Failed jobs are updated instead of deleted:

  • last_error is set to the persisted error message.
  • run_at is moved forward by exponential backoff based on attempts.
  • locked_by and locked_at are cleared.
  • a replacement payload may be written when the handler returned one.
  • queued jobs also unlock their queue row.

The worker decides whether a failure will retry by comparing attempts with max_attempts. Retryable failures emit job-fail hooks; exhausted jobs emit permanent-failure hooks. The SQL update is the same shape: a permanently failed job remains unlocked with its last error recorded and is no longer available once its attempt limit is reached by the schema availability rules.
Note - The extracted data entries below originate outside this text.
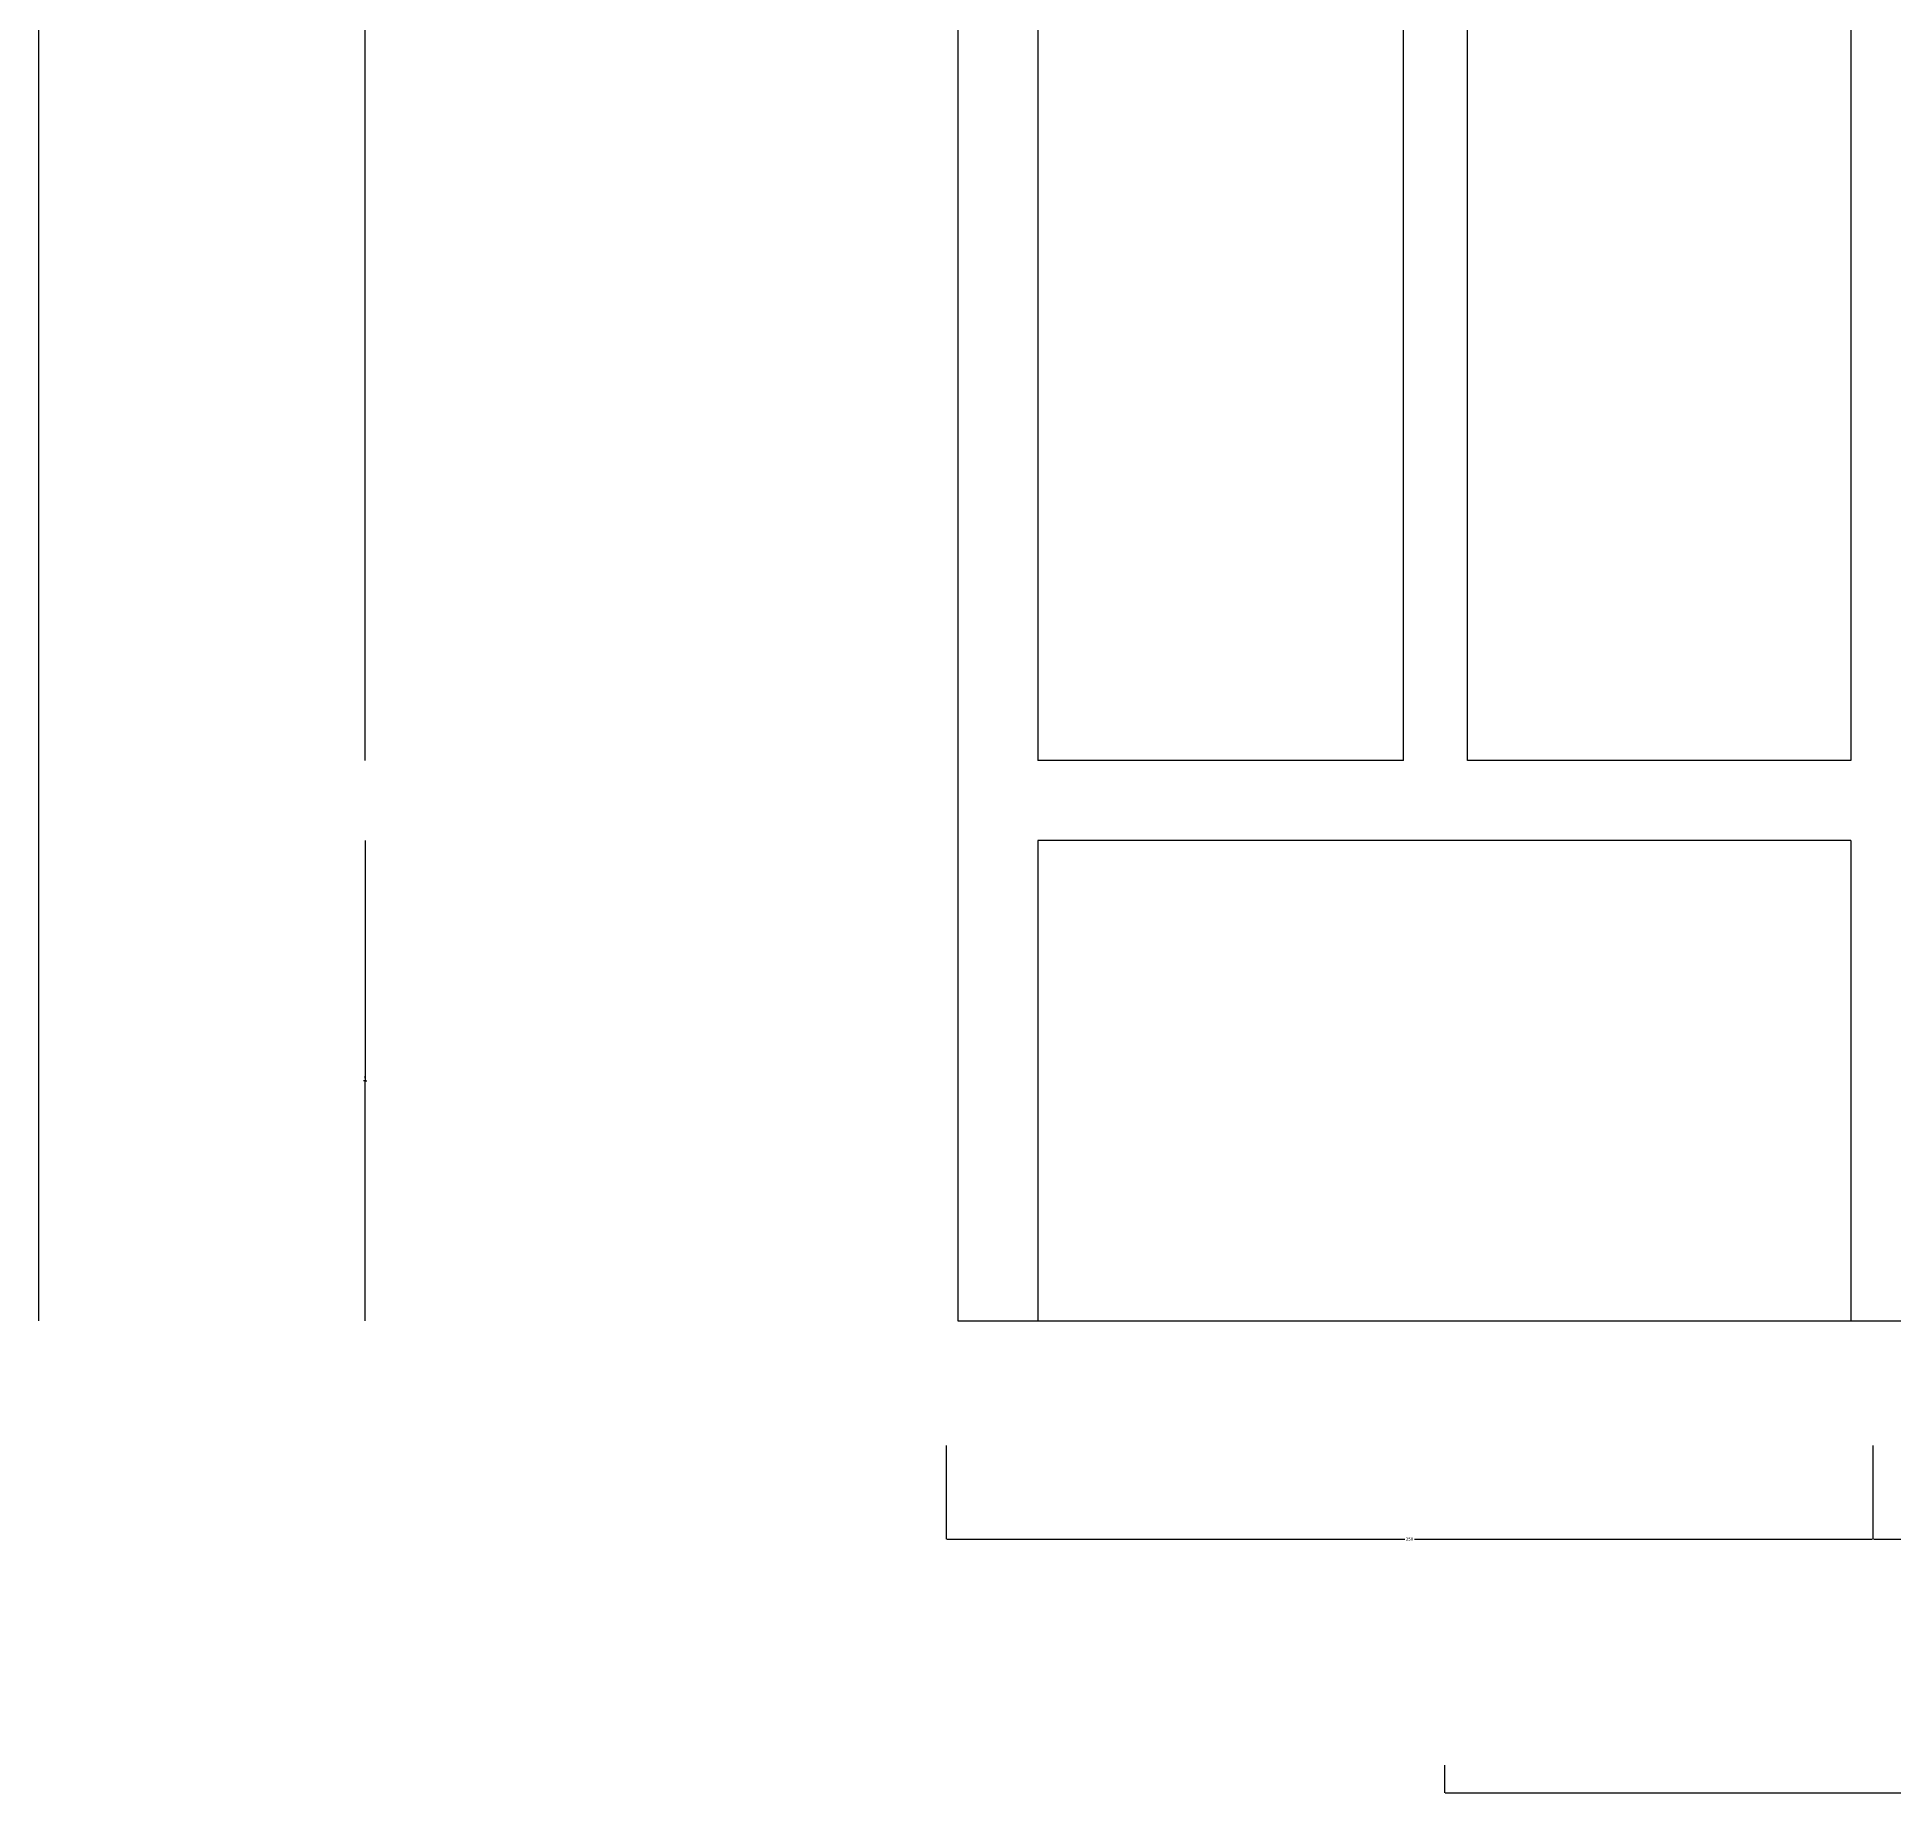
# Model space of a CAD drawing. Header units: metres. Extents: x 215 to 5262, y 2138 to 3422.
# Drawn here: x 215 to 795, y 2138 to 2687 of the extents above; entities that cross this region are included whole.
import ezdxf

# ---------------------------------------------------------------- set-up
doc = ezdxf.new("R2010")
doc.units = ezdxf.units.M
doc.layers.add('4', color=4, linetype='Continuous')
doc.layers.add('DIM', color=3, linetype='Continuous')
doc.dimstyles.get("Standard").update_dxf_attribs({"dimtxt": 2.5, "dimasz": 2.5, "dimexe": 1.25, "dimexo": 0.625, "dimtad": 1, "dimcen": 2.5, "dimazin": 3, "dimtfac": 1, "dimtmove": 0, "dimatfit": 3})

# ---------------------------------------------------------------- blocks, each defined once
blk = doc.blocks.new('*D1')
for p, q in [((499.12, 2247.19), (499.12, 2217.98)), ((788.67, 2247.19), (788.67, 2217.98)), ((499.37, 2217.98), (642.395, 2217.98)), ((645.395, 2217.98), (788.42, 2217.98))]:
    blk.add_line(p, q)
at = {"layer": 'Defpoints'}
for p in [(499.12, 2247.19), (788.67, 2247.19), (499.12, 2217.98)]:
    blk.add_point(p, dxfattribs=at)
at = {"layer": 'DIM', "insert": (643.895, 2217.98), "char_height": 1, "attachment_point": 5}
blk.add_mtext('250', dxfattribs=at)
blk = doc.blocks.new('*D2')
for p, q in [((654.77, 2147.29), (654.77, 2138.72)), ((1723.58, 2147.29), (1723.58, 2138.72)), ((655.02, 2138.72), (1187.175, 2138.72)), ((1191.175, 2138.72), (1723.33, 2138.72))]:
    blk.add_line(p, q)
at = {"layer": 'Defpoints'}
for p in [(654.77, 2147.29), (1723.58, 2147.29), (654.77, 2138.72)]:
    blk.add_point(p, dxfattribs=at)
at = {"layer": 'DIM', "insert": (1189.175, 2138.72), "char_height": 1, "attachment_point": 5}
blk.add_mtext('1050', dxfattribs=at)
blk = doc.blocks.new('*D3')
for p, q in [((215.61, 3236.16), (215.61, 2761.16)), ((215.36, 2761.16), (215.11, 2761.16)), ((215.61, 2286.16), (215.61, 2761.16)), ((215.61, 2761.16), (215.61, 2761.16)), ((215.86, 2761.16), (216.11, 2761.16))]:
    blk.add_line(p, q)
at = {"layer": 'Defpoints'}
for p in [(215.61, 3236.16), (215.61, 2761.16), (215.61, 2286.16)]:
    blk.add_point(p, dxfattribs=at)
at = {"layer": 'DIM', "insert": (215.61, 2762.285), "char_height": 1, "attachment_point": 5}
blk.add_mtext('0', dxfattribs=at)
blk = doc.blocks.new('*D4')
for p, q in [((317.59, 2436.16), (317.59, 2361.16)), ((317.34, 2361.16), (317.09, 2361.16)), ((317.59, 2286.16), (317.59, 2361.16)), ((317.59, 2361.16), (317.59, 2361.16)), ((317.84, 2361.16), (318.09, 2361.16))]:
    blk.add_line(p, q)
at = {"layer": 'Defpoints'}
for p in [(317.59, 2436.16), (317.59, 2361.16), (317.59, 2286.16)]:
    blk.add_point(p, dxfattribs=at)
at = {"layer": 'DIM', "insert": (317.59, 2362.285), "char_height": 1, "attachment_point": 5}
blk.add_mtext('0', dxfattribs=at)
blk = doc.blocks.new('*D6')
for p, q in [((317.59, 3011.16), (317.59, 2736.16)), ((317.34, 2736.16), (317.09, 2736.16)), ((317.59, 2461.16), (317.59, 2736.16)), ((317.59, 2736.16), (317.59, 2736.16)), ((317.84, 2736.16), (318.09, 2736.16))]:
    blk.add_line(p, q)
at = {"layer": 'Defpoints'}
for p in [(317.59, 3011.16), (317.59, 2736.16), (317.59, 2461.16)]:
    blk.add_point(p, dxfattribs=at)
at = {"layer": 'DIM', "insert": (317.59, 2737.285), "char_height": 1, "attachment_point": 5}
blk.add_mtext('0', dxfattribs=at)
blk = doc.blocks.new('*D8')
for p, q in [((788.67, 2247.19), (788.67, 2217.98)), ((1575.17, 2247.19), (1575.17, 2217.98)), ((788.92, 2217.98), (1180.42, 2217.98)), ((1183.42, 2217.98), (1574.92, 2217.98))]:
    blk.add_line(p, q)
at = {"layer": 'Defpoints'}
for p in [(788.67, 2247.19), (1575.17, 2247.19), (788.67, 2217.98)]:
    blk.add_point(p, dxfattribs=at)
at = {"layer": 'DIM', "insert": (1181.92, 2217.98), "char_height": 1, "attachment_point": 5}
blk.add_mtext('700', dxfattribs=at)

msp = doc.modelspace()

# ---------------------------------------------------------------- linework, layer by layer
at = {"layer": '4'}
for p, q in [((502.79, 3186.16), (502.79, 2286.16)), ((527.79, 3011.16), (527.79, 2461.16)), ((641.99, 2461.16), (641.99, 3011.16)), ((661.99, 2461.16), (661.99, 3011.16)), ((781.75, 3011.16), (781.75, 2461.16)), ((641.99, 2461.16), (527.79, 2461.16)), ((781.75, 2461.16), (661.99, 2461.16)), ((781.75, 2436.16), (527.79, 2436.16)), ((527.79, 2436.16), (527.79, 2286.16)), ((781.75, 2436.16), (781.75, 2286.16)), ((502.79, 2286.16), (5261.88, 2286.16))]:
    msp.add_line(p, q, dxfattribs=at)

# ---------------------------------------------------------------- dimensions: what is measured, and where the dimension line sits
at = {"layer": 'DIM'}
for base, p1, p2, picture, middle in [((215.61, 2761.16), (215.61, 3236.16), (215.61, 2286.16), '*D3', (215.61, 2762.285)), ((317.59, 2736.16), (317.59, 3011.16), (317.59, 2461.16), '*D6', (317.59, 2737.285)), ((317.59, 2361.16), (317.59, 2436.16), (317.59, 2286.16), '*D4', (317.59, 2362.285))]:
    dim = msp.add_linear_dim(base=base, p1=p1, p2=p2, dimstyle='Standard', dxfattribs=at)
    dim.commit()
    dim.dimension.update_dxf_attribs({"geometry": picture, "text_midpoint": middle})
for base, p1, p2, text, picture, middle in [((499.12, 2217.98), (499.12, 2247.19), (788.67, 2247.19), '250', '*D1', (643.895, 2217.98)), ((788.67, 2217.98), (788.67, 2247.19), (1575.17, 2247.19), '700', '*D8', (1181.92, 2217.98)), ((654.77, 2138.72), (654.77, 2147.29), (1723.58, 2147.29), '1050', '*D2', (1189.175, 2138.72))]:
    dim = msp.add_linear_dim(base=base, p1=p1, p2=p2, text=text, dimstyle='Standard', dxfattribs=at)
    dim.commit()
    dim.dimension.update_dxf_attribs({"geometry": picture, "text_midpoint": middle})

doc.saveas('drawing.dxf')

Completion and ordinary failures can be batched. The completion and failure batchers receive release requests through bounded channels, flush them after the configured delay, and emit hooks only for rows that were actually persisted. If a batcher is already closed, the worker falls back to direct persistence for that job.

Shutdown and Recovery

Shutdown aborts are intentionally not normal task failures. When a running job is interrupted by the shutdown grace-period timeout, the worker applies job recovery instead of failure backoff:

  • attempts is decremented with a floor of zero.
  • locked_by and locked_at are cleared.
  • run_at is delayed by interrupted_job_retry_delay when configured.
  • queued jobs also unlock their queue row.
  • interruption hooks are emitted when recovery handled the job.

Automatic worker recovery is separate and opt-in. When enabled, workers record heartbeats, and the recovery sweeper finds stale worker ids or orphaned locks. Recovered jobs are returned to the queue through the same recovery semantics: the attempt consumed by fetching the job is reversed, locks are cleared, and a recovery delay can be applied before the job is visible again.

The recovery SQL layer can also fetch locked jobs for a set of worker ids and call the schema's recover_dead_worker_jobs function to recover jobs owned by dead workers.

Workspace Layout

The workspace keeps behavior separated by responsibility:

src/
  lib.rs                 crate exports and top-level module structure
  runner/                worker lifecycle, job loop, execution, release
  batcher/               completion and failure batching
  streams/               job signal and job fetch streams

crates/
  graphile-worker-queries/
    src/add_job/         SQL wrappers for inserting jobs
    src/get_job.rs       single-job locking fetch
    src/batch_get_jobs.rs
                         batched locking fetch for LocalQueue
    src/complete_job.rs  completion persistence
    src/fail_job/        failure persistence
    src/return_jobs/     recovery and interrupted-job return
    src/recover_workers.rs
                         stale-worker recovery queries

This layout keeps most PostgreSQL statements in graphile-worker-queries, while src/runner owns the orchestration decisions: when to fetch, how to execute handlers, which release path to use, and when to flush background components.